[Data records]

··········

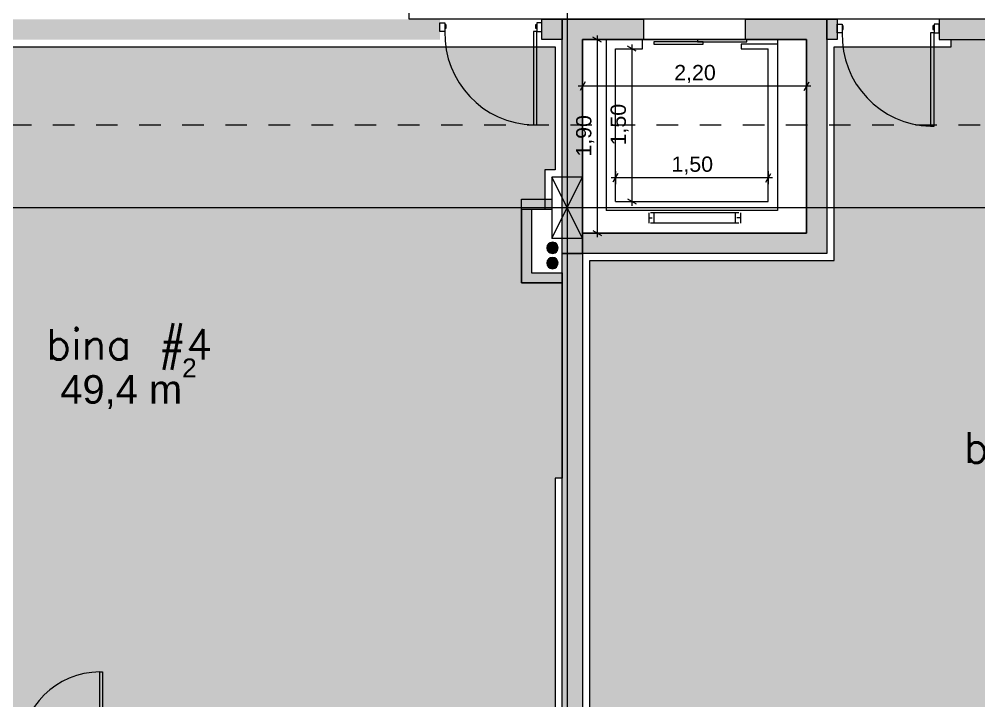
# Model space of a CAD drawing. Header units: metres. Extents: x 476297 to 476657, y 4620828 to 4621206.
# Drawn here: x 476413.08 to 476422.5, y 4621028.65 to 4621035.34 of the extents above; entities that cross this region are included whole.
import ezdxf

# ---------------------------------------------------------------- set-up
doc = ezdxf.new("R2010")
doc.units = ezdxf.units.M
doc.header["$MEASUREMENT"] = 0
doc.linetypes.add('Dashed', pattern=[0.42333333333324, 0.21166666666662, -0.21166666666662])
for name, color, linetype in [('2D Drafting - General_Pen_No__1', 7, 'Continuous'), ('2D Drafting - General_Pen_No__1_Pen_No__7', 7, 'Continuous'), ('2D Drafting - General_Pen_No__250_Pen_No__7', 7, 'Continuous'), ('2D Drafting - General_Pen_No__7_Pen_No__7', 7, 'Continuous'), ('Annotation - Text_Pen_No__7', 7, 'Continuous'), ('Doors_Pen_No__7_Pen_No__7', 7, 'Continuous'), ('G-Anno-Nplt', 7, 'Continuous'), ('New0_Pen_No__250', 7, 'Continuous'), ('New2D Drafting - General_Pen_No__250_Pen_No__7', 7, 'Continuous'), ('NewR03_Nakveti', 7, 'Continuous'), ('Newshenobebi', 7, 'Continuous'), ('shaxtebi da milebi_Pen_No__1_Pen_No__1', 7, 'Continuous'), ('shaxtebi da milebi_Pen_No__5_Pen_No__5', 7, 'Continuous'), ('zoma', 7, 'Continuous'), ('zoma_Pen_No__5', 7, 'Continuous')]:
    doc.layers.add(name, color=color, linetype=linetype)
doc.styles.add('GENERATED_STYLE_1', font='arial.ttf')
doc.styles.add('GENERATED_STYLE_2', font='arial.ttf')
doc.dimstyles.new('GENERATED_STYLE__1', dxfattribs={"dimtxt": 0.2, "dimasz": 0.0644213309708986, "dimexe": 0.18, "dimexo": 0.003, "dimgap": 0.09, "dimtad": 1, "dimtih": 1, "dimtoh": 1, "dimzin": 0, "dimdsep": 46, "dimtxsty": 'GENERATED_STYLE_2', "dimblk": 'ARROWHEAD_2', "dimblk1": 'ARROWHEAD_2', "dimblk2": 'ARROWHEAD_2', "dimcen": 0.09, "dimclrd": 142, "dimclre": 142, "dimclrt": 142, "dimadec": 0, "dimazin": 0, "dimtfac": 1, "dimtdec": 4, "dimtmove": 0, "dimatfit": 3, "dimfxl": 1, "dimtolj": 1, "dimtzin": 0, "dimarcsym": 0})
doc.dimstyles.new('GENERATED_STYLE__7', dxfattribs={"dimtxt": 0.15, "dimasz": 0.0644213309708986, "dimexe": 0.18, "dimexo": 0.003, "dimgap": 0.09, "dimtad": 1, "dimzin": 0, "dimdsep": 46, "dimtxsty": 'GENERATED_STYLE_2', "dimblk": 'ARROWHEAD_2', "dimblk1": 'ARROWHEAD_2', "dimblk2": 'ARROWHEAD_2', "dimcen": 0.09, "dimclrd": 142, "dimclre": 142, "dimclrt": 142, "dimadec": 0, "dimazin": 0, "dimtfac": 1, "dimtdec": 4, "dimtmove": 0, "dimatfit": 3, "dimfxl": 1, "dimtolj": 1, "dimtzin": 0, "dimarcsym": 0})
doc.dimstyles.new('GENERATED_STYLE__8', dxfattribs={"dimtxt": 0.15, "dimasz": 0.0644213309708986, "dimexe": 0.18, "dimexo": 0.003, "dimgap": 0.09, "dimtad": 1, "dimtih": 1, "dimtoh": 1, "dimzin": 0, "dimdsep": 46, "dimtxsty": 'GENERATED_STYLE_2', "dimblk": 'ARROWHEAD_2', "dimblk1": 'ARROWHEAD_2', "dimblk2": 'ARROWHEAD_2', "dimcen": 0.09, "dimclrd": 142, "dimclre": 142, "dimclrt": 142, "dimadec": 0, "dimazin": 0, "dimtfac": 1, "dimtdec": 4, "dimtmove": 0, "dimatfit": 3, "dimfxl": 1, "dimtolj": 1, "dimtzin": 0, "dimarcsym": 0})

# ---------------------------------------------------------------- blocks, each defined once
blk = doc.blocks.new('*D197', base_point=(476844.5271483883, 4621385.791044046))
at = {"layer": 'zoma', "color": 142, "linetype": 'Continuous', "lineweight": 0, "transparency": 16777216}
for p, q in [((476411.7802734285, 4621061.905293263), (476411.7313344082, 4621061.820528354)), ((476411.7558039184, 4621061.799337127), (476411.7558039184, 4621061.926484491)), ((476411.7558039184, 4621061.862910809), (476418.2558039183, 4621061.862910809)), ((476418.2802734285, 4621061.905293263), (476418.2313344082, 4621061.820528354)), ((476418.2558039183, 4621061.799337127), (476418.2558039183, 4621061.926484491))]:
    blk.add_line(p, q, dxfattribs=at)
at = {"layer": 'zoma', "color": 142, "lineweight": 0, "transparency": 16777216, "char_height": 0.2, "attachment_point": 7, "style": 'GENERATED_STYLE_2'}
for s, insert in [('\\A1;{\\pql;\\fArial CYR|b0|i0|c204|p34;6,50}', (476414.7397459124, 4621061.90291081)), ('\\A1;{\\pql;\\fArial CYR|b0|i0|c204|p34;0,40}', (476417.6991908617, 4621061.90291081))]:
    blk.add_mtext(s, dxfattribs=dict(at, insert=insert))
blk = doc.blocks.new('ARROWHEAD_2')
at = {"color": 0, "linetype": 'Continuous', "lineweight": 0}
for p, q in [((0, 0), (-1, 0)), ((-0.3781315, -0.655), (0.3781315, 0.655))]:
    blk.add_line(p, q, dxfattribs=at)
blk = doc.blocks.new('*D198', base_point=(476844.5271483883, 4621385.791044046))
at = {"layer": 'zoma', "color": 142, "linetype": 'Continuous', "lineweight": 0, "transparency": 16777216}
for p, q in [((476418.2802734285, 4621061.905293263), (476418.2313344082, 4621061.820528354)), ((476418.2558039183, 4621061.799337127), (476418.2558039183, 4621061.926484491)), ((476418.2558039183, 4621061.862910809), (476418.6558039184, 4621061.862910809)), ((476418.6802734285, 4621061.905293263), (476418.6313344082, 4621061.820528354)), ((476418.6558039184, 4621061.799337127), (476418.6558039184, 4621061.926484491))]:
    blk.add_line(p, q, dxfattribs=at)
blk = doc.blocks.new('*D199', base_point=(476844.5271483883, 4621385.791044046))
at = {"layer": 'zoma', "color": 142, "linetype": 'Continuous', "lineweight": 0, "transparency": 16777216}
for p, q in [((476418.6802734285, 4621061.905293263), (476418.6313344082, 4621061.820528354)), ((476418.6558039184, 4621061.799337127), (476418.6558039184, 4621061.926484491)), ((476418.6558039184, 4621061.862910809), (476425.1558039184, 4621061.862910809)), ((476425.1802734285, 4621061.905293263), (476425.1313344082, 4621061.820528354)), ((476425.1558039184, 4621061.799337127), (476425.1558039184, 4621061.926484491))]:
    blk.add_line(p, q, dxfattribs=at)
at = {"layer": 'zoma', "color": 142, "lineweight": 0, "transparency": 16777216, "char_height": 0.2, "attachment_point": 7, "style": 'GENERATED_STYLE_2'}
for s, insert in [('\\A1;{\\pql;\\fArial CYR|b0|i0|c204|p34;6,50}', (476421.6397459124, 4621061.90291081)), ('\\A1;{\\pql;\\fArial CYR|b0|i0|c204|p34;0,40}', (476424.5991908617, 4621061.90291081))]:
    blk.add_mtext(s, dxfattribs=dict(at, insert=insert))
blk = doc.blocks.new('*D823', base_point=(476844.5271483883, 4621385.791044046))
at = {"layer": 'zoma', "color": 142, "linetype": 'Continuous', "lineweight": 0, "transparency": 16777216}
for p, q in [((476418.6873834727, 4621035.14237925), (476418.8145308365, 4621035.142379268)), ((476418.7933396127, 4621035.117909756), (476418.7085746966, 4621035.166848764)), ((476418.7509571488, 4621035.1838293), (476418.7509571546, 4621035.14237926)), ((476418.7509571546, 4621035.14237926), (476418.7509574218, 4621033.242614162)), ((476418.68738374, 4621033.242614154), (476418.8145311038, 4621033.242614171)), ((476418.7085749638, 4621033.267083666), (476418.7933398799, 4621033.218144658)), ((476418.7509574218, 4621033.242614162), (476418.7509574277, 4621033.201164122))]:
    blk.add_line(p, q, dxfattribs=at)
at = {"layer": 'zoma', "color": 142, "lineweight": 0, "transparency": 16777216, "insert": (476418.7209573151, 4621033.992953201), "char_height": 0.15, "attachment_point": 7, "rotation": 90.00000805971227, "style": 'GENERATED_STYLE_2'}
blk.add_mtext('\\A1;{\\pql;\\fArial CYR|b0|i0|c204|p34;1,90}', dxfattribs=at)
blk = doc.blocks.new('*D824', base_point=(476844.5271483883, 4621385.791044046))
at = {"layer": 'zoma', "color": 142, "linetype": 'Continuous', "lineweight": 0, "transparency": 16777216}
for p, q in [((476418.6305081466, 4621034.728147597), (476418.5815691382, 4621034.643382681)), ((476418.6060386334, 4621034.749338821), (476418.6060386514, 4621034.622191457)), ((476420.7815691382, 4621034.643382991), (476420.8305081466, 4621034.728147906)), ((476420.8060386335, 4621034.749339131), (476420.8060386514, 4621034.622191766)), ((476418.6060386424, 4621034.685765139), (476418.5645886018, 4621034.685765133)), ((476420.8060386424, 4621034.685765448), (476418.6060386424, 4621034.685765139)), ((476420.847488683, 4621034.685765455), (476420.8060386424, 4621034.685765448))]:
    blk.add_line(p, q, dxfattribs=at)
at = {"layer": 'zoma', "color": 142, "lineweight": 0, "transparency": 16777216, "insert": (476419.5064951322, 4621034.715765267), "char_height": 0.15, "attachment_point": 7, "rotation": 8.059712223221694e-06, "style": 'GENERATED_STYLE_2'}
blk.add_mtext('\\A1;{\\pql;\\fArial CYR|b0|i0|c204|p34;2,20}', dxfattribs=at)
blk = doc.blocks.new('*D825', base_point=(476844.5271483883, 4621385.791044046))
at = {"layer": 'zoma', "color": 142, "linetype": 'Continuous', "lineweight": 0, "transparency": 16777216}
for p, q in [((476419.0263213249, 4621035.052928102), (476419.1534686886, 4621035.052928121)), ((476419.1322774648, 4621035.028458607), (476419.0475125487, 4621035.077397616)), ((476419.0898950009, 4621035.094378152), (476419.0898950067, 4621035.052928112)), ((476419.0898950067, 4621035.052928112), (476419.0898952177, 4621033.552928112)), ((476419.0263215359, 4621033.552928102), (476419.1534688996, 4621033.552928121)), ((476419.0475127597, 4621033.577397616), (476419.1322776758, 4621033.528458607)), ((476419.0898952177, 4621033.552928112), (476419.0898952236, 4621033.511478071))]:
    blk.add_line(p, q, dxfattribs=at)
at = {"layer": 'zoma', "color": 142, "lineweight": 0, "transparency": 16777216, "insert": (476419.0598951391, 4621034.103384601), "char_height": 0.15, "attachment_point": 7, "rotation": 90.00000805971227, "style": 'GENERATED_STYLE_2'}
blk.add_mtext('\\A1;{\\pql;\\fArial CYR|b0|i0|c204|p34;1,50}', dxfattribs=at)
blk = doc.blocks.new('*D826', base_point=(476844.5271483883, 4621385.791044046))
at = {"layer": 'zoma', "color": 142, "linetype": 'Continuous', "lineweight": 0, "transparency": 16777216}
for p, q in [((476418.9294233174, 4621033.786343097), (476418.8879732768, 4621033.786343091)), ((476418.9538928216, 4621033.828725555), (476418.9049538132, 4621033.743960639)), ((476418.9294233085, 4621033.849916779), (476418.9294233264, 4621033.722769415)), ((476420.4294233174, 4621033.786343307), (476418.9294233174, 4621033.786343097)), ((476420.4049538132, 4621033.74396085), (476420.4538928216, 4621033.828725765)), ((476420.4294233085, 4621033.84991699), (476420.4294233264, 4621033.722769625)), ((476420.470873358, 4621033.786343314), (476420.4294233174, 4621033.786343307))]:
    blk.add_line(p, q, dxfattribs=at)
at = {"layer": 'zoma', "color": 142, "lineweight": 0, "transparency": 16777216, "insert": (476419.4798798073, 4621033.816343175), "char_height": 0.15, "attachment_point": 7, "rotation": 8.059712223221694e-06, "style": 'GENERATED_STYLE_2'}
blk.add_mtext('\\A1;{\\pql;\\fArial CYR|b0|i0|c204|p34;1,50}', dxfattribs=at)
blk = doc.blocks.new('*D858', base_point=(476844.5271483883, 4621385.791044046))
at = {"layer": 'zoma', "color": 142, "linetype": 'Continuous', "lineweight": 0, "transparency": 16777216}
for p, q in [((476419.9553942683, 4621040.660599425), (476419.9553942683, 4621040.533452061)), ((476421.3553942663, 4621040.660599425), (476421.3553942663, 4621040.533452061)), ((476419.9309247581, 4621040.554643288), (476419.9798637784, 4621040.639408197)), ((476421.3553942663, 4621040.597025743), (476419.9553942683, 4621040.597025743)), ((476421.3309247561, 4621040.554643288), (476421.3798637764, 4621040.639408197)), ((476421.3968443068, 4621040.597025743), (476421.3553942663, 4621040.597025743))]:
    blk.add_line(p, q, dxfattribs=at)
at = {"layer": 'zoma', "color": 142, "lineweight": 0, "transparency": 16777216, "insert": (476420.4558507613, 4621040.627025744), "char_height": 0.15, "attachment_point": 7, "style": 'GENERATED_STYLE_2'}
blk.add_mtext('\\A1;{\\pql;\\fArial CYR|b0|i0|c204|p34;1,40}', dxfattribs=at)
blk = doc.blocks.new('*D859', base_point=(476844.5271483883, 4621385.791044046))
at = {"layer": 'zoma', "color": 142, "linetype": 'Continuous', "lineweight": 0, "transparency": 16777216}
for p, q in [((476419.8553942683, 4621040.660599425), (476419.8553942683, 4621040.533452061)), ((476419.9553942683, 4621040.660599425), (476419.9553942683, 4621040.533452061)), ((476419.8309247581, 4621040.554643288), (476419.8798637784, 4621040.639408197)), ((476419.9553942683, 4621040.597025743), (476419.8553942683, 4621040.597025743)), ((476419.9309247581, 4621040.554643288), (476419.9798637784, 4621040.639408197))]:
    blk.add_line(p, q, dxfattribs=at)
blk = doc.blocks.new('*D860', base_point=(476844.5271483883, 4621385.791044046))
at = {"layer": 'zoma', "color": 142, "linetype": 'Continuous', "lineweight": 0, "transparency": 16777216}
for p, q in [((476418.4553941278, 4621040.660599425), (476418.4553941278, 4621040.533452061)), ((476419.8553942683, 4621040.660599425), (476419.8553942683, 4621040.533452061)), ((476418.4553941278, 4621040.597025743), (476418.4139440872, 4621040.597025743)), ((476418.4798636379, 4621040.639408197), (476418.4309246176, 4621040.554643288)), ((476419.8553942683, 4621040.597025743), (476418.4553941278, 4621040.597025743)), ((476419.8309247581, 4621040.554643288), (476419.8798637784, 4621040.639408197))]:
    blk.add_line(p, q, dxfattribs=at)
at = {"layer": 'zoma', "color": 142, "lineweight": 0, "transparency": 16777216, "char_height": 0.15, "attachment_point": 7, "style": 'GENERATED_STYLE_2'}
for s, insert in [('\\A1;{\\pql;\\fArial CYR|b0|i0|c204|p34;0,10}', (476419.7058507623, 4621040.837025752)), ('\\A1;{\\pql;\\fArial CYR|b0|i0|c204|p34;1,40}', (476418.9558506921, 4621040.627025744))]:
    blk.add_mtext(s, dxfattribs=dict(at, insert=insert))
blk = doc.blocks.new('*D864', base_point=(476844.5271483883, 4621385.791044046))
at = {"layer": 'zoma', "color": 142, "linetype": 'Continuous', "lineweight": 0, "transparency": 16777216}
for p, q in [((476419.9309247581, 4621078.289655928), (476419.9798637784, 4621078.374420837)), ((476419.9553942683, 4621078.395612065), (476419.9553942683, 4621078.268464701)), ((476421.3309247561, 4621078.289655928), (476421.3798637764, 4621078.374420837)), ((476421.3553942663, 4621078.395612065), (476421.3553942663, 4621078.268464701)), ((476421.3553942663, 4621078.332038383), (476419.9553942683, 4621078.332038383)), ((476421.3968443068, 4621078.332038383), (476421.3553942663, 4621078.332038383))]:
    blk.add_line(p, q, dxfattribs=at)
at = {"layer": 'zoma', "color": 142, "lineweight": 0, "transparency": 16777216, "insert": (476420.4558507613, 4621078.362038384), "char_height": 0.15, "attachment_point": 7, "style": 'GENERATED_STYLE_2'}
blk.add_mtext('\\A1;{\\pql;\\fArial CYR|b0|i0|c204|p34;1,40}', dxfattribs=at)
blk = doc.blocks.new('*D865', base_point=(476844.5271483883, 4621385.791044046))
at = {"layer": 'zoma', "color": 142, "linetype": 'Continuous', "lineweight": 0, "transparency": 16777216}
for p, q in [((476419.8309247581, 4621078.289655928), (476419.8798637784, 4621078.374420837)), ((476419.8553942683, 4621078.395612065), (476419.8553942683, 4621078.268464701)), ((476419.9309247581, 4621078.289655928), (476419.9798637784, 4621078.374420837)), ((476419.9553942683, 4621078.395612065), (476419.9553942683, 4621078.268464701)), ((476419.9553942683, 4621078.332038383), (476419.8553942683, 4621078.332038383))]:
    blk.add_line(p, q, dxfattribs=at)
blk = doc.blocks.new('*D866', base_point=(476844.5271483883, 4621385.791044046))
at = {"layer": 'zoma', "color": 142, "linetype": 'Continuous', "lineweight": 0, "transparency": 16777216}
for p, q in [((476418.4798636379, 4621078.374420837), (476418.4309246176, 4621078.289655928)), ((476418.4553941278, 4621078.395612065), (476418.4553941278, 4621078.268464701)), ((476419.8309247581, 4621078.289655928), (476419.8798637784, 4621078.374420837)), ((476419.8553942683, 4621078.395612065), (476419.8553942683, 4621078.268464701)), ((476418.4553941278, 4621078.332038383), (476418.4139440872, 4621078.332038383)), ((476419.8553942683, 4621078.332038383), (476418.4553941278, 4621078.332038383))]:
    blk.add_line(p, q, dxfattribs=at)
at = {"layer": 'zoma', "color": 142, "lineweight": 0, "transparency": 16777216, "char_height": 0.15, "attachment_point": 7, "style": 'GENERATED_STYLE_2'}
for s, insert in [('\\A1;{\\pql;\\fArial CYR|b0|i0|c204|p34;0,10}', (476419.7058507623, 4621078.572038393)), ('\\A1;{\\pql;\\fArial CYR|b0|i0|c204|p34;1,40}', (476418.9558506921, 4621078.362038384))]:
    blk.add_mtext(s, dxfattribs=dict(at, insert=insert))
blk = doc.blocks.new('*D870', base_point=(476844.5271483883, 4621385.791044046))
at = {"layer": 'zoma', "color": 142, "linetype": 'Continuous', "lineweight": 0, "transparency": 16777216}
for p, q in [((476419.9553942683, 4621116.123584325), (476419.9553942683, 4621115.996436962)), ((476421.3553942663, 4621116.123584325), (476421.3553942663, 4621115.996436962)), ((476419.9309247581, 4621116.017628189), (476419.9798637784, 4621116.102393098)), ((476421.3553942663, 4621116.060010644), (476419.9553942683, 4621116.060010644)), ((476421.3309247561, 4621116.017628189), (476421.3798637764, 4621116.102393098)), ((476421.3968443068, 4621116.060010644), (476421.3553942663, 4621116.060010644))]:
    blk.add_line(p, q, dxfattribs=at)
at = {"layer": 'zoma', "color": 142, "lineweight": 0, "transparency": 16777216, "insert": (476420.4558507613, 4621116.090010645), "char_height": 0.15, "attachment_point": 7, "style": 'GENERATED_STYLE_2'}
blk.add_mtext('\\A1;{\\pql;\\fArial CYR|b0|i0|c204|p34;1,40}', dxfattribs=at)
blk = doc.blocks.new('*D871', base_point=(476844.5271483883, 4621385.791044046))
at = {"layer": 'zoma', "color": 142, "linetype": 'Continuous', "lineweight": 0, "transparency": 16777216}
for p, q in [((476419.8553942683, 4621116.123584325), (476419.8553942683, 4621115.996436962)), ((476419.9553942683, 4621116.123584325), (476419.9553942683, 4621115.996436962)), ((476419.8309247581, 4621116.017628189), (476419.8798637784, 4621116.102393098)), ((476419.9553942683, 4621116.060010644), (476419.8553942683, 4621116.060010644)), ((476419.9309247581, 4621116.017628189), (476419.9798637784, 4621116.102393098))]:
    blk.add_line(p, q, dxfattribs=at)
blk = doc.blocks.new('*D872', base_point=(476844.5271483883, 4621385.791044046))
at = {"layer": 'zoma', "color": 142, "linetype": 'Continuous', "lineweight": 0, "transparency": 16777216}
for p, q in [((476418.4553941278, 4621116.123584325), (476418.4553941278, 4621115.996436962)), ((476419.8553942683, 4621116.123584325), (476419.8553942683, 4621115.996436962)), ((476418.4553941278, 4621116.060010644), (476418.4139440872, 4621116.060010644)), ((476418.4798636379, 4621116.102393098), (476418.4309246176, 4621116.017628189)), ((476419.8553942683, 4621116.060010644), (476418.4553941278, 4621116.060010644)), ((476419.8309247581, 4621116.017628189), (476419.8798637784, 4621116.102393098))]:
    blk.add_line(p, q, dxfattribs=at)
at = {"layer": 'zoma', "color": 142, "lineweight": 0, "transparency": 16777216, "char_height": 0.15, "attachment_point": 7, "style": 'GENERATED_STYLE_2'}
for s, insert in [('\\A1;{\\pql;\\fArial CYR|b0|i0|c204|p34;0,10}', (476419.7058507623, 4621116.300010653)), ('\\A1;{\\pql;\\fArial CYR|b0|i0|c204|p34;1,40}', (476418.9558506921, 4621116.090010645))]:
    blk.add_mtext(s, dxfattribs=dict(at, insert=insert))

msp = doc.modelspace()

# ---------------------------------------------------------------- hatches: boundary and pattern name
at = {"layer": '2D Drafting - General_Pen_No__250_Pen_No__7', "linetype": 'Continuous', "lineweight": 0}
for points in [[(476411.6558292897, 4621035.142613399), (476417.2061851051, 4621035.142613399), (476417.2061851051, 4621035.342613368), (476411.6558292897, 4621035.342613136)], [(476418.4063039097, 4621035.142613139), (476418.2061851056, 4621035.142613139), (476418.2061851056, 4621035.342613141), (476418.4063039097, 4621035.342613141)], [(476421.1060629497, 4621035.342611572), (476421.1060629779, 4621035.142611571), (476421.0060629788, 4621035.142611557), (476421.0060629506, 4621035.342611558)], [(476425.8558292822, 4621035.342613136), (476422.1060629573, 4621035.342613136), (476422.1060629573, 4621035.142613135), (476425.8558292822, 4621035.142613135)], [(476418.0058291884, 4621032.752423193), (476418.0058293109, 4621033.574590567), (476418.1058292622, 4621033.574590567), (476418.3058283196, 4621033.574590567), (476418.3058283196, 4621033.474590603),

··········

The problem:
Find and copy every line in the entries above where the string "pattern" occurs.

Exercise result:
doc.linetypes.add('Dashed', pattern=[0.42333333333324, 0.21166666666662, -0.21166666666662])
# ---------------------------------------------------------------- hatches: boundary and pattern name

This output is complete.